The biggest issue with the removal -- restraint of animal -- and that a certain amount of heat builds up with the wire cutting &/or a Dremel.  Possible to do small section at a time over 2 or 3 sessions.  Use ice pack between, etc. 

You can "band" them by putting notches at base of horn & applying castrating bands.  Takes a few weeks to work thru.

Those are my suggestion & thoughts.


----------



## AlleysChicks (Jul 3, 2019)

Thank you. There's not much space under that scur so the wire is probably the way to go. She was 50lbs June 1st when I weighed her. She's pretty feisty during hoof trims so I can't wait to do the scurs lol

With banding would I still get scur growth later?


----------



## B&B Happy goats (Jul 3, 2019)

AlleysChicks said:


> Thank you. There's not much space under that scur so the wire is probably the way to go. She was 50lbs June 1st when I weighed her. She's pretty feisty during hoof trims so I can't wait to do the scurs lol
> 
> With banding would I still get scur growth later?



No matter how you do the scur, it can grow back....after having the vet remove a large scur on out buck,(with the wire cutting)  ....I would suggest taking a heavy file and create a notch on both sides down low on the scur and try the banding. as Mini Horses suggested


----------



## AlleysChicks (Jul 3, 2019)

Ugh that's what I figured. My young buck has them too and hes already knocked both his off once. What's grown back is thin and bendy. A little thicker than a finger nail. I just want to be prepared.


----------



## B&B Happy goats (Jul 3, 2019)

AlleysChicks said:


> Ugh that's what I figured. My young buck has them too and hes already knocked both his off once. What's grown back is thin and bendy. A little thicker than a finger nail. I just want to be prepared.

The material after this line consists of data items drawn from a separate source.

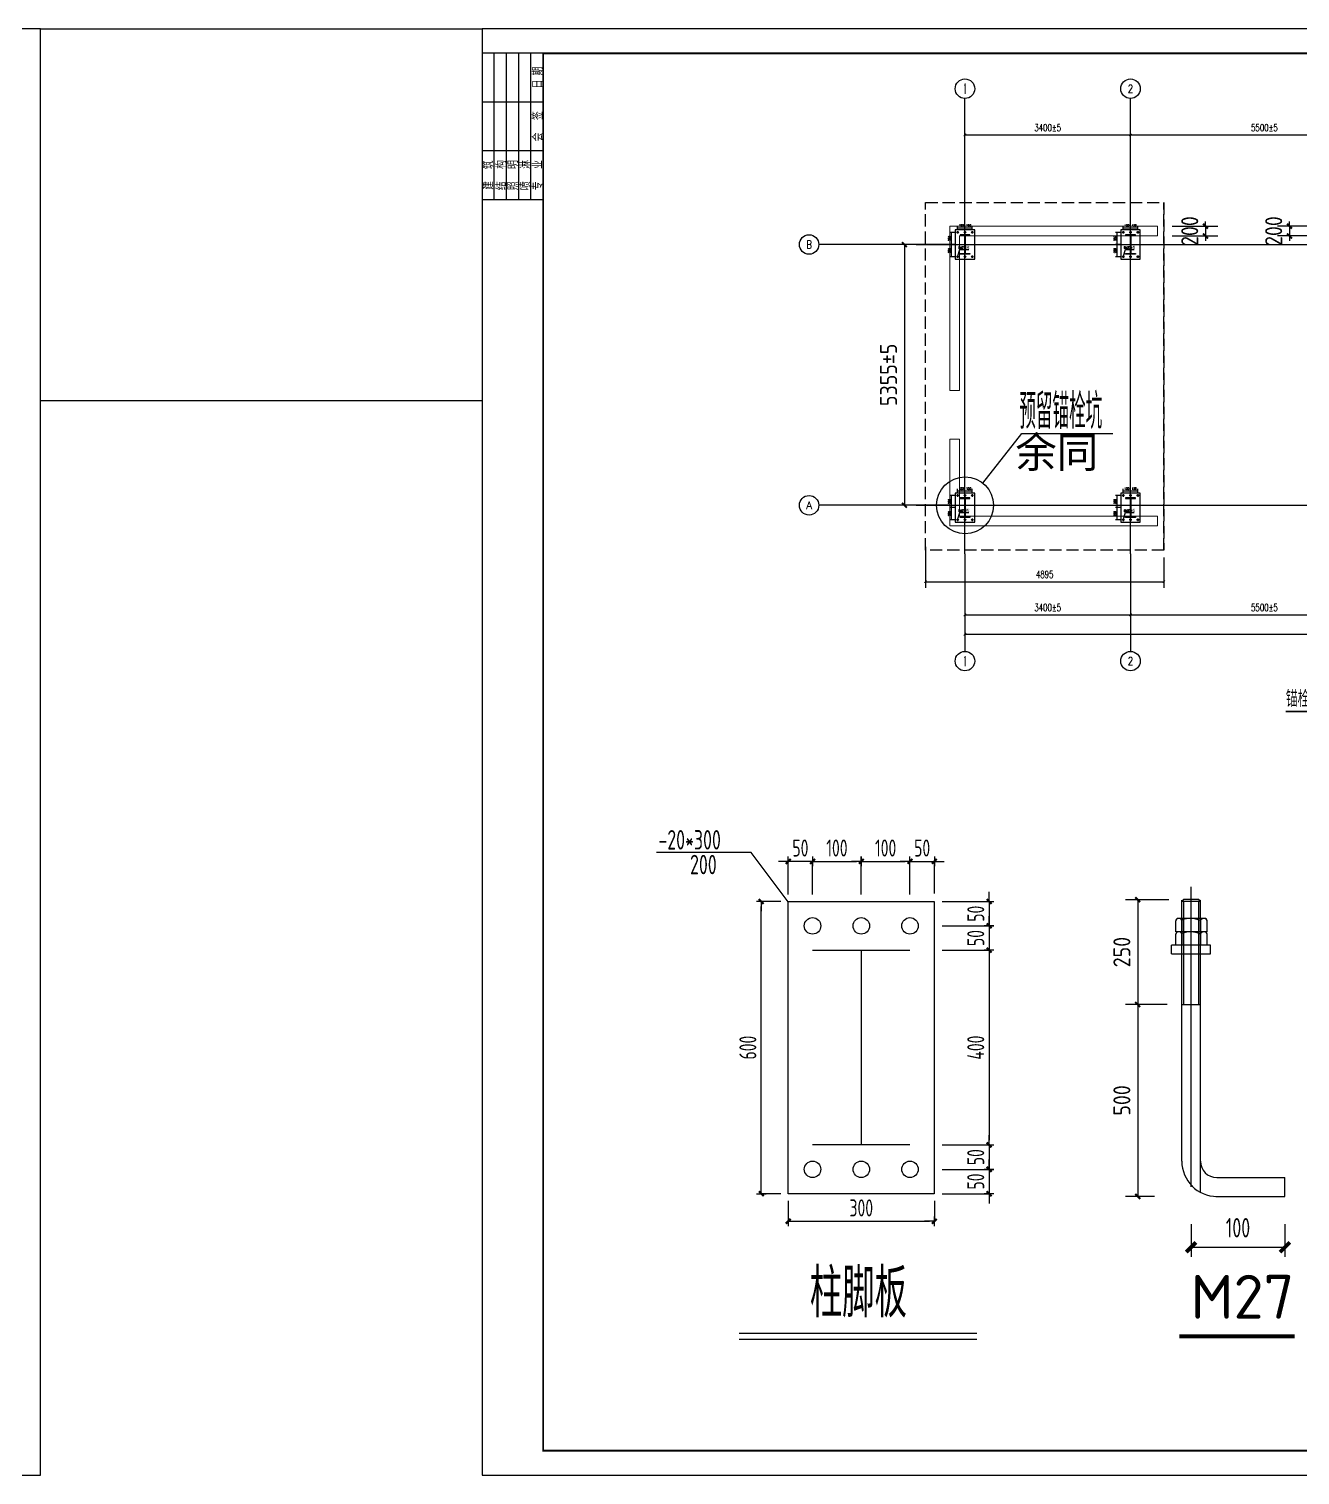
# Model space of a CAD drawing. Extents: x 1129386 to 1651949, y 463500 to 493200.
# Drawn here: x 1222314 to 1248415, y 463500 to 493200 of the extents above; entities that cross this region are included whole.
import ezdxf
from ezdxf.enums import TextEntityAlignment as Align

# ---------------------------------------------------------------- set-up
doc = ezdxf.new("R2010")
doc.units = 0
doc.header["$LTSCALE"] = 1000
doc.header["$MEASUREMENT"] = 0
for name, pattern in [('CENTER', [50.8, 31.75, -6.35, 6.35, -6.35]), ('DASH', [0.35, 0.25, -0.1]), ('DASHED', [4.8, 4, -0.8])]:
    doc.linetypes.add(name, pattern=pattern)
for name, color, linetype in [('1', 7, 'Continuous'), ('2', 3, 'CENTER'), ('3', 4, 'DASHED'), ('5', 2, 'Continuous'), ('8', 8, 'Continuous'), ('9', 3, 'Continuous'), ('AXIS', 3, 'Continuous'), ('AXIS_TEXT', 7, 'Continuous'), ('DIM_LEAD', 3, 'Continuous'), ('DIM_SYMB', 3, 'Continuous'), ('DOTE', 1, 'Continuous'), ('PUB_DIM', 3, 'Continuous'), ('PUB_TEXT', 7, 'Continuous')]:
    doc.layers.add(name, color=color, linetype=linetype)
doc.styles.add('_TCH_AXIS', font='COMPLEX', dxfattribs={"bigfont": 'GBCBIG'})
doc.styles.add('_TCH_DIM', font='SIMPLEX', dxfattribs={"bigfont": 'GBCBIG'})
doc.styles.add('COMPLEX', font='COMPLEX')
doc.styles.add('DIM_FONT', font='SIMPLEX', dxfattribs={"width": 0.7, "bigfont": 'GBCBIG'})
doc.styles.add('HZ', font='tssdeng.shx', dxfattribs={"width": 0.7, "bigfont": 'tssdchn.shx'})
doc.styles.get("Standard").update_dxf_attribs({"font": 'gbenor.shx', "bigfont": 'gbcbig.shx'})
doc.styles.add('TSSD_Rein', font='tssdeng.shx', dxfattribs={"width": 0.7, "bigfont": 'tssdchn.shx'})
doc.dimstyles.new('1-1', dxfattribs={"dimscale": 100, "dimtxt": 3.5, "dimasz": 1, "dimexe": 0, "dimexo": 1.5, "dimgap": 1, "dimtad": 1, "dimdec": 0, "dimzin": 0, "dimdsep": 46, "dimtxsty": 'HZ', "dimblk": 'TJDIM', "dimcen": 0, "dimclrd": 3, "dimclre": 3, "dimclrt": 7, "dimaunit": 1, "dimadec": 0, "dimazin": 0, "dimtfac": 1, "dimtdec": 0, "dimtix": 1, "dimtmove": 2, "dimatfit": 3, "dimldrblk": 'TJDIM', "dimfxl": 0, "dimtolj": 1, "dimarcsym": 0})
doc.dimstyles.new('_TCH_ARCH&&100', dxfattribs={"dimtxt": 400, "dimasz": 200, "dimexe": 200, "dimexo": 100, "dimgap": 200, "dimtad": 1, "dimdec": 0, "dimzin": 0, "dimdsep": 46, "dimtxsty": 'TSSD_Rein', "dimblk": 'ARCHTICK', "dimcen": 0.09, "dimclrd": 3, "dimclre": 3, "dimclrt": 7, "dimazin": 2, "dimtfac": 1, "dimtdec": 0, "dimtix": 1, "dimtmove": 2, "dimatfit": 3, "dimfxl": 0, "dimtolj": 1, "dimtzin": 0, "dimarcsym": 0})
doc.dimstyles.new('DIMN15', dxfattribs={"dimscale": 0.15, "dimtxt": 300, "dimasz": 100, "dimexe": 250, "dimexo": 300, "dimgap": 150, "dimtad": 1, "dimdec": 0, "dimzin": 0, "dimdsep": 46, "dimtxsty": 'DIM_FONT', "dimblk": 'ARCHTICK', "dimcen": 0.09, "dimclrt": 7, "dimazin": 2, "dimtfac": 1, "dimtdec": 0, "dimtix": 1, "dimtmove": 2, "dimatfit": 3, "dimldrblk": 'ARCHTICK', "dimfxl": 0, "dimtolj": 1, "dimtzin": 0, "dimarcsym": 0})
doc.dimstyles.new('DIMN50', dxfattribs={"dimscale": 0.5, "dimtxt": 300, "dimasz": 100, "dimexe": 250, "dimexo": 300, "dimgap": 150, "dimtad": 1, "dimdec": 0, "dimzin": 0, "dimdsep": 46, "dimtxsty": 'DIM_FONT', "dimblk": 'ARCHTICK', "dimcen": 0.09, "dimclrt": 7, "dimazin": 2, "dimtfac": 1, "dimtdec": 0, "dimtix": 1, "dimtmove": 2, "dimatfit": 3, "dimldrblk": 'ARCHTICK', "dimfxl": 0, "dimtolj": 1, "dimtzin": 0, "dimarcsym": 0})
doc.dimstyles.get("Standard").update_dxf_attribs({"dimscale": 100, "dimtxt": 3.5, "dimasz": 1, "dimexe": 2.5, "dimexo": 3, "dimgap": 1.5, "dimtad": 1, "dimdec": 0, "dimzin": 0, "dimdsep": 46, "dimtxsty": 'Standard', "dimblk": 'ARCHTICK', "dimcen": 0.09, "dimadec": 0, "dimazin": 0, "dimtfac": 1, "dimtdec": 0, "dimtix": 1, "dimtmove": 2, "dimatfit": 3, "dimldrblk": 'ARCHTICK', "dimfxl": 0, "dimtolj": 1, "dimtzin": 0, "dimarcsym": 0})

# ---------------------------------------------------------------- blocks, each defined once
blk = doc.blocks.new('_ArchTick')
at = {"color": 0, "linetype": 'ByBlock', "const_width": 0.4}
blk.add_lwpolyline([(-0.5, -0.5), (0.5, 0.5)], dxfattribs=at)
blk = doc.blocks.new('*D59')
at = {"layer": '1', "color": 3, "lineweight": -2}
for p, q in [((1246176, 468656), (1246176, 467980)), ((1248103, 468656), (1248103, 467980)), ((1246176, 468180), (1248103, 468180))]:
    blk.add_line(p, q, dxfattribs=at)
at = {"layer": 'Defpoints', "color": 0}
for p in [(1246176, 468756), (1248103, 468756), (1248103, 468180)]:
    blk.add_point(p, dxfattribs=at)
at = {"layer": '1', "color": 3, "lineweight": -2, "xscale": 200, "yscale": 200, "zscale": 200, "rotation": 180}
blk.add_blockref('_ArchTick', (1246176, 468180), dxfattribs=at)
at = {"layer": '1', "color": 3, "lineweight": -2, "xscale": 200, "yscale": 200, "zscale": 200}
blk.add_blockref('_ArchTick', (1248103, 468180), dxfattribs=at)
at = {"layer": '1', "color": 7, "insert": (1247140, 468580), "char_height": 400, "attachment_point": 5, "style": 'TSSD_Rein'}
blk.add_mtext('\\A1;100', dxfattribs=at)
blk = doc.blocks.new('TJDIM')
at = {"color": 2, "const_width": 0.45}
blk.add_lwpolyline([(-0.5, -0.5), (0.5, 0.5)], dxfattribs=at)
at = {"layer": '9', "color": 3, "linetype": 'Continuous'}
for p, q in [((0, 0), (-2, 0)), ((0, -1), (0, 1))]:
    blk.add_line(p, q, dxfattribs=at)
blk = doc.blocks.new('*D60')
at = {"layer": '1', "color": 3, "lineweight": -2}
for p, q in [((1238405, 475426), (1238405, 476103)), ((1239405, 475426), (1239405, 476103))]:
    blk.add_line(p, q, dxfattribs=at)
at = {"layer": '1', "color": 3, "linetype": 'ByBlock', "lineweight": -2}
blk.add_line((1238505, 476103), (1239305, 476103), dxfattribs=at)
at = {"layer": 'Defpoints', "color": 0}
for p in [(1239405, 476103), (1238405, 475276), (1239405, 475276)]:
    blk.add_point(p, dxfattribs=at)
at = {"layer": '1', "color": 3, "lineweight": -2, "xscale": 100, "yscale": 100, "zscale": 100, "rotation": 180}
blk.add_blockref('TJDIM', (1238405, 476103), dxfattribs=at)
at = {"layer": '1', "color": 3, "lineweight": -2, "xscale": 100, "yscale": 100, "zscale": 100}
blk.add_blockref('TJDIM', (1239405, 476103), dxfattribs=at)
at = {"layer": '1', "color": 7, "insert": (1238905, 476378), "char_height": 350, "attachment_point": 5, "style": 'HZ'}
blk.add_mtext('\\A1;100', dxfattribs=at)
blk = doc.blocks.new('*D61')
at = {"layer": '1', "color": 3, "linetype": 'ByBlock', "lineweight": -2}
for p, q in [((1237805, 476103), (1237705, 476103)), ((1238405, 476103), (1237905, 476103)), ((1238505, 476103), (1238605, 476103))]:
    blk.add_line(p, q, dxfattribs=at)
at = {"layer": '1', "color": 3, "lineweight": -2}
for p, q in [((1237905, 475426), (1237905, 476103)), ((1238405, 475426), (1238405, 476103))]:
    blk.add_line(p, q, dxfattribs=at)
at = {"layer": 'Defpoints', "color": 0}
for p in [(1237905, 476103), (1237905, 475276), (1238405, 475276)]:
    blk.add_point(p, dxfattribs=at)
at = {"layer": '1', "color": 3, "lineweight": -2, "xscale": 100, "yscale": 100, "zscale": 100}
blk.add_blockref('TJDIM', (1237905, 476103), dxfattribs=at)
at = {"layer": '1', "color": 3, "lineweight": -2, "xscale": 100, "yscale": 100, "zscale": 100, "rotation": 180}
blk.add_blockref('TJDIM', (1238405, 476103), dxfattribs=at)
at = {"layer": '1', "color": 7, "insert": (1238155, 476378), "char_height": 350, "attachment_point": 5, "style": 'HZ'}
blk.add_mtext('\\A1;50', dxfattribs=at)
blk = doc.blocks.new('*D62')
at = {"layer": '1', "color": 3, "lineweight": -2}
for p, q in [((1239405, 475426), (1239405, 476103)), ((1240405, 475426), (1240405, 476103))]:
    blk.add_line(p, q, dxfattribs=at)
at = {"layer": '1', "color": 3, "linetype": 'ByBlock', "lineweight": -2}
blk.add_line((1239505, 476103), (1240305, 476103), dxfattribs=at)
at = {"layer": 'Defpoints', "color": 0}
for p in [(1240405, 476103), (1239405, 475276), (1240405, 475276)]:
    blk.add_point(p, dxfattribs=at)
at = {"layer": '1', "color": 3, "lineweight": -2, "xscale": 100, "yscale": 100, "zscale": 100, "rotation": 180}
blk.add_blockref('TJDIM', (1239405, 476103), dxfattribs=at)
at = {"layer": '1', "color": 3, "lineweight": -2, "xscale": 100, "yscale": 100, "zscale": 100}
blk.add_blockref('TJDIM', (1240405, 476103), dxfattribs=at)
at = {"layer": '1', "color": 7, "insert": (1239905, 476378), "char_height": 350, "attachment_point": 5, "style": 'HZ'}
blk.add_mtext('\\A1;100', dxfattribs=at)
blk = doc.blocks.new('*D63')
at = {"layer": '1', "color": 3, "linetype": 'ByBlock', "lineweight": -2}
for p, q in [((1240305, 476103), (1240205, 476103)), ((1240405, 476103), (1240905, 476103)), ((1241005, 476103), (1241105, 476103))]:
    blk.add_line(p, q, dxfattribs=at)
at = {"layer": '1', "color": 3, "lineweight": -2}
for p, q in [((1240405, 475426), (1240405, 476103)), ((1240905, 475441), (1240905, 476103))]:
    blk.add_line(p, q, dxfattribs=at)
at = {"layer": 'Defpoints', "color": 0}
for p in [(1240905, 476103), (1240405, 475276), (1240905, 475291)]:
    blk.add_point(p, dxfattribs=at)
at = {"layer": '1', "color": 3, "lineweight": -2, "xscale": 100, "yscale": 100, "zscale": 100}
blk.add_blockref('TJDIM', (1240405, 476103), dxfattribs=at)
at = {"layer": '1', "color": 3, "lineweight": -2, "xscale": 100, "yscale": 100, "zscale": 100, "rotation": 180}
blk.add_blockref('TJDIM', (1240905, 476103), dxfattribs=at)
at = {"layer": '1', "color": 7, "insert": (1240655, 476378), "char_height": 350, "attachment_point": 5, "style": 'HZ'}
blk.add_mtext('\\A1;50', dxfattribs=at)
blk = doc.blocks.new('*D64')
at = {"layer": '1', "color": 3, "linetype": 'ByBlock', "lineweight": -2}
for p, q in [((1242030, 474879), (1242030, 474979)), ((1242030, 474779), (1242030, 474279)), ((1242030, 474179), (1242030, 474079))]:
    blk.add_line(p, q, dxfattribs=at)
at = {"layer": '1', "color": 3, "lineweight": -2}
for p, q in [((1241063, 474779), (1242030, 474779)), ((1241063, 474279), (1242030, 474279))]:
    blk.add_line(p, q, dxfattribs=at)
at = {"layer": 'Defpoints', "color": 0}
for p in [(1240913, 474779), (1240913, 474279), (1242030, 474279)]:
    blk.add_point(p, dxfattribs=at)
at = {"layer": '1', "color": 3, "lineweight": -2, "xscale": 100, "yscale": 100, "zscale": 100}
for p, rotation in [((1242030, 474779), 270), ((1242030, 474279), 90)]:
    blk.add_blockref('TJDIM', p, dxfattribs=dict(at, rotation=rotation))
at = {"layer": '1', "color": 7, "insert": (1241755, 474529), "char_height": 350, "attachment_point": 5, "rotation": 90, "style": 'HZ'}
blk.add_mtext('\\A1;50', dxfattribs=at)
blk = doc.blocks.new('*D65')
at = {"layer": '1', "color": 3, "lineweight": -2}
for p, q in [((1241063, 474279), (1242030, 474279)), ((1241063, 470279), (1242030, 470279))]:
    blk.add_line(p, q, dxfattribs=at)
at = {"layer": '1', "color": 3, "linetype": 'ByBlock', "lineweight": -2}
blk.add_line((1242030, 474179), (1242030, 470379), dxfattribs=at)
at = {"layer": 'Defpoints', "color": 0}
for p in [(1240913, 474279), (1240913, 470279), (1242030, 470279)]:
    blk.add_point(p, dxfattribs=at)
at = {"layer": '1', "color": 3, "lineweight": -2, "xscale": 100, "yscale": 100, "zscale": 100}
for p, rotation in [((1242030, 474279), 90), ((1242030, 470279), 270)]:
    blk.add_blockref('TJDIM', p, dxfattribs=dict(at, rotation=rotation))
at = {"layer": '1', "color": 7, "insert": (1241755, 472279), "char_height": 350, "attachment_point": 5, "rotation": 90, "style": 'HZ'}
blk.add_mtext('\\A1;400', dxfattribs=at)
blk = doc.blocks.new('*D66')
at = {"layer": '1', "color": 3, "linetype": 'ByBlock', "lineweight": -2}
for p, q in [((1242030, 470379), (1242030, 470479)), ((1242030, 470279), (1242030, 469779)), ((1242030, 469679), (1242030, 469579))]:
    blk.add_line(p, q, dxfattribs=at)
at = {"layer": '1', "color": 3, "lineweight": -2}
for p, q in [((1241063, 470279), (1242030, 470279)), ((1241063, 469779), (1242030, 469779))]:
    blk.add_line(p, q, dxfattribs=at)
at = {"layer": 'Defpoints', "color": 0}
for p in [(1240913, 470279), (1240913, 469779), (1242030, 469779)]:
    blk.add_point(p, dxfattribs=at)
at = {"layer": '1', "color": 3, "lineweight": -2, "xscale": 100, "yscale": 100, "zscale": 100}
for p, rotation in [((1242030, 470279), 270), ((1242030, 469779), 90)]:
    blk.add_blockref('TJDIM', p, dxfattribs=dict(at, rotation=rotation))
at = {"layer": '1', "color": 7, "insert": (1241755, 470029), "char_height": 350, "attachment_point": 5, "rotation": 90, "style": 'HZ'}
blk.add_mtext('\\A1;50', dxfattribs=at)
blk = doc.blocks.new('*D67')
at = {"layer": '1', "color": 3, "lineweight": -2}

Banding them is easier than you think, i can do it by my self


----------



## AlleysChicks (Jul 3, 2019)

B&B Happy goats said:


> Banding them is easier than you think, i can do it by my self


Oh that makes me feel better! Something slightly easy for once!


----------



## Baymule (Jul 4, 2019)

I had a ram with scurs and one bent and grew towards his skull. We cut it with PVC pipe cutters. Since he liked to "ram" me and I didn't like it, he became ramburger and that scur was no longer a problem. LOL


----------



## Mini Horses (Jul 4, 2019)

Some scurs are like you mentioned -- fingernailish.   Most are knocked off with their scratching/rubbing, etc.  But, your girl has some of the larger ones.  With banding -- I've not done but read a lot -- they can grow back.  It takes a while and often not as large or hard.   I'd sure band those.   Then, the grow back can be controlled occasionally, file, clip, etc.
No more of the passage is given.